Donnerstag, 02.02.2023 / 22:25 Uhr

Studie aus Israel: Wie Selmstmordattentäter entstehen

Die Jerusalem Post berichtet über eine Studie, die untersuchte, welche Motivation palästinensische Suicide Bomber und Terroristen in der Vergangenheit antrieb:

Initially, the thinking was that the people willing to kill themselves to kill Israelis were probably very religious, from very poor families, and not very educated.

The research that the profilers did dispelled these assumptions. They discovered that most of the suicide bombers, or potential suicide bombers, were not very religious. They were not from the poorest sector of Palestinian society. Many of them were employed. Most of them were quite educated. The common thread they found was that someone close to them, a family member or a close friend, was killed by the Israelis.

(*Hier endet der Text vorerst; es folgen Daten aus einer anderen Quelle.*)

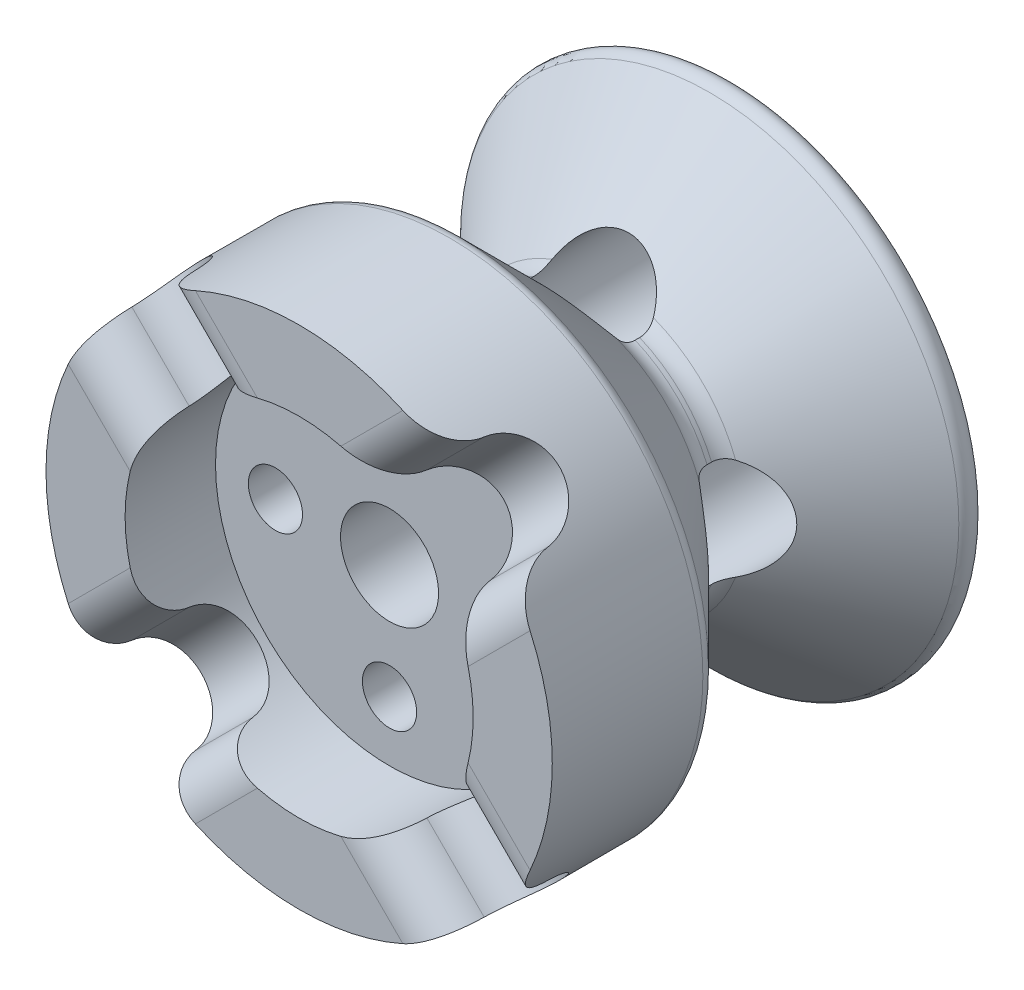
SolidWorks part; units mm, degrees
material "Polymaker PLA"
ref_plane "Front Plane" through (0, 0, 0) normal (0, 0, 1) x (1, 0, 0)
ref_plane "Top Plane" through (0, 0, 0) normal (0, 1, 0) x (1, 0, 0)
ref_plane "Right Plane" through (0, 0, 0) normal (1, 0, 0) x (0, 0, -1)
sketch "Sketch1" plane through (0, 0, 0) normal (0, 0, 1) x (1, 0, 0)
  circle A1 centre (0, 0) radius 14.224
  circle A2 centre (0, 0) radius 9.779
  circle A3 centre (0, 0) radius 9.779
  dimension "D2" = 28.448
  dimension "D1" = 0.254
extrude "Boss-Extrude1" add sketch "Sketch1" against normal up to surface (5.08 mm away)
ref_plane "SCREW_PLANE" through (0, 0, -12.192) normal (0, 0, 1) x (1, 0, 0)
sketch "Sketch2" plane through (0, 0, 0) normal (0, 1, 0) x (1, 0, 0)
  line L0 (-2.754, 5.08) -> (-2.754, 21.234)
  line L1 (-2.5, 5.08) -> (-2.5, 21.234) construction
  line L2 (2, 21.234) -> (-2, 21.234) construction
  line L3 (-2.754, 5.08) -> (-14.224, 5.08)
  line L4 (0, 0) -> (0, 21.234) construction
  line L5 (0, 16.034) -> (-14.224, 16.034) construction
  line L6 (23.1, 16.034) -> (-23.1, 16.034) construction
  line L7 (0, 14.1527) -> (-9.1944, 14.1527) construction
  line L8 (-9.1944, 14.1527) -> (-9.1944, 5.08) construction
  line L9 (-9.1944, 13.0333) -> (-9.1944, 12.5578) construction
  line L10 (-7.62, 16.161) -> (-7.62, 15.907)
  line L11 (-7.992, 15.009) -> (-14.0008, 9.0001)
  line L12 (-14.224, 8.4613) -> (-14.224, 5.08)
  line L13 (-7.992, 17.059) -> (-14.0008, 23.0679)
  line L14 (-13.462, 24.3687) -> (-5.8887, 24.3687)
  line L15 (0, 21.234) -> (-5.8887, 21.234) construction
  arc A0 (-2.754, 21.234) -> (-5.8887, 24.3687) centre (-5.8887, 21.234) ccw
  arc A1 (-7.62, 15.907) -> (-7.992, 15.009) centre (-8.89, 15.907) cw
  arc A2 (-7.62, 16.161) -> (-7.992, 17.059) centre (-8.89, 16.161) ccw
  arc A4 (-14.0008, 23.0679) -> (-13.462, 24.3687) centre (-13.462, 23.6067) cw
  arc A5 (-14.0008, 9.0001) -> (-14.224, 8.4613) centre (-13.462, 8.4613) ccw
  point P24 (-7.62, 16.034)
  point P34 (-7.62, 16.034)
  point P45 (-15.3016, 24.3687)
  dimension "D3" = 1.27
  dimension "D4" = 0.254
  dimension "D5" = 0.762
  dimension "D2" = 7.62
  dimension "D6" = 0.254
  dimension "D1" = 45
revolve "Revolve1" add sketch "Sketch2" angle 360 about L4
sketch "Sketch3" plane through (0, 0, -12.192) normal (0, 0, 1) x (1, 0, 0)
  line L0 (0, -6.4131) -> (0, 6.4131) construction
  circle A0 centre (0, -6.4131) radius 2.7813 construction
  circle A1 centre (0, -6.4131) radius 2.7813 construction
  circle A2 centre (0, -6.4131) radius 3.0353
  circle A3 centre (0, -6.4131) radius 1.524
  circle A4 centre (0, 0) radius 6.4131 construction
  dimension "D2" = 3.048
  dimension "D1" = 0.254
extrude "Cut-Extrude1" cut sketch "Sketch3" against normal through all contours A2
extrude "Cut-Extrude2" cut sketch "Sketch3<3>" along normal through all contours A3
sketch "Sketch3<3>" plane through (0, 0, -12.192) normal (0, 0, 1) x (1, 0, 0) same geometry as "Sketch3"
ref_axis "CENTER_AXIS" through (0, 0, -22.2957) along (0, 0, 1)
pattern_circular "CirPattern1" count 4 over 360 about axis through (0, 0, -22.2957) along (0, 0, 1) of "Cut-Extrude2", "Cut-Extrude1"
ref_plane "SET_SCREW_PLANE_1" through (0, 0, 0) normal (-0.7071, -0.7071, 0) x (0, 0, 1)
ref_plane "SET_SCREW_PLANE_2" through (0, 0, -2.032) normal (0, 0, -1) x (-1, 0, 0)
ref_axis "SET_SCREW_AXIS" through (12.1, -12.1, -2.032) along (-0.7071, 0.7071, 0)
ref_plane "SET_SCREW_PLANE_3" through (0, 0, 0) normal (-0.7071, 0.7071, 0) x (0.7071, 0.7071, 0)
sketch "Sketch5" plane through (0, 0, 0) normal (-0.7071, 0.7071, 0) x (0.7071, 0.7071, 0)
  circle A0 centre (0, 2.032) radius 2.54
  dimension "D1" = 5.08
extrude "Cut-Extrude3" cut sketch "Sketch5" along normal through all
fillet "Fillet3" radius 2.54 2 edges at (-7.3375, 9.4928, 0) (-9.4928, 7.3375, 0)
pattern_circular "CirPattern3" count 4 over 360 about axis through (0, 0, -22.2957) along (0, 0, 1) of "Cut-Extrude3", "Fillet3"
sketch "Sketch6" plane through (0, 0, -12.192) normal (0, 0, 1) x (1, 0, 0)
  line L0 (0, 0) -> (-6.4131, 0) construction
  circle A6 centre (-6.4131, 0) radius 3.0353
  circle A7 centre (0, -6.4131) radius 3.0353 construction
sketch "Sketch7" plane through (0, 0, -16.034) normal (0, 0, -1) x (-1, 0, 0)
  line L0 (0, 0) -> (6.4131, 0) construction
  circle A0 centre (6.4131, 0) radius 3.0353 construction
  circle A1 centre (6.4131, 0) radius 3.0353 construction
  circle A2 centre (8.4045, 0) radius 5.0267
loft "Cut-Loft1" [suppressed] cut profiles "Sketch7", "Sketch6"
ref_plane "STRING_CENTER_PLANE" through (0, 0, -16.034) normal (0, 0, -1) x (-1, 0, 0)
sketch "STRING_PATH_MIN" plane through (0, 0, -16.034) normal (0, 0, -1) x (-1, 0, 0)
  line L0 (-7.0153, -2.975) -> (-7.0153, 2.975)
  line L1 (-2.975, 7.0153) -> (2.975, 7.0153)
  line L2 (7.0153, 2.975) -> (7.0153, -2.975)
  line L3 (2.975, -7.0153) -> (-2.975, -7.0153)
  arc A0 (7.0153, 2.975) -> (2.975, 7.0153) centre (0, 0) ccw
  arc A1 (7.0153, 2.975) -> (2.975, 7.0153) centre (0, 0) ccw
  arc A2 (2.975, -7.0153) -> (7.0153, -2.975) centre (0, 0) ccw
  arc A3 (2.975, -7.0153) -> (7.0153, -2.975) centre (0, 0) ccw
  arc A4 (-7.0153, -2.975) -> (-2.975, -7.0153) centre (0, 0) ccw
  arc A5 (-7.0153, -2.975) -> (-2.975, -7.0153) centre (0, 0) ccw
  arc A6 (-2.975, 7.0153) -> (-7.0153, 2.975) centre (0, 0) ccw
  arc A7 (-2.975, 7.0153) -> (-7.0153, 2.975) centre (0, 0) ccw

They also found quite a large number of them had had their homes destroyed by Israel when they were children. That is why it was no surprise to learn that Khaire Alkam, the 21-year-old man from the Shuafat neighborhood who killed seven Israelis in Jerusalem’s Neveh Ya’acov neighborhood, was the grandson of a Palestinian who had been killed by an Israeli.(...)

Expelling family members from Jerusalem or from the West Bank is another punishment that the government is being called on to accept. The death penalty for terrorists is another of the new demands. In most cases, the death penalty is issued on the spot when the terrorist or combatant is “neutralized.”

Israel has refrained from using the death penalty until now. Perhaps this government will change that policy and will immediately focus the attention of the entire world on this issue.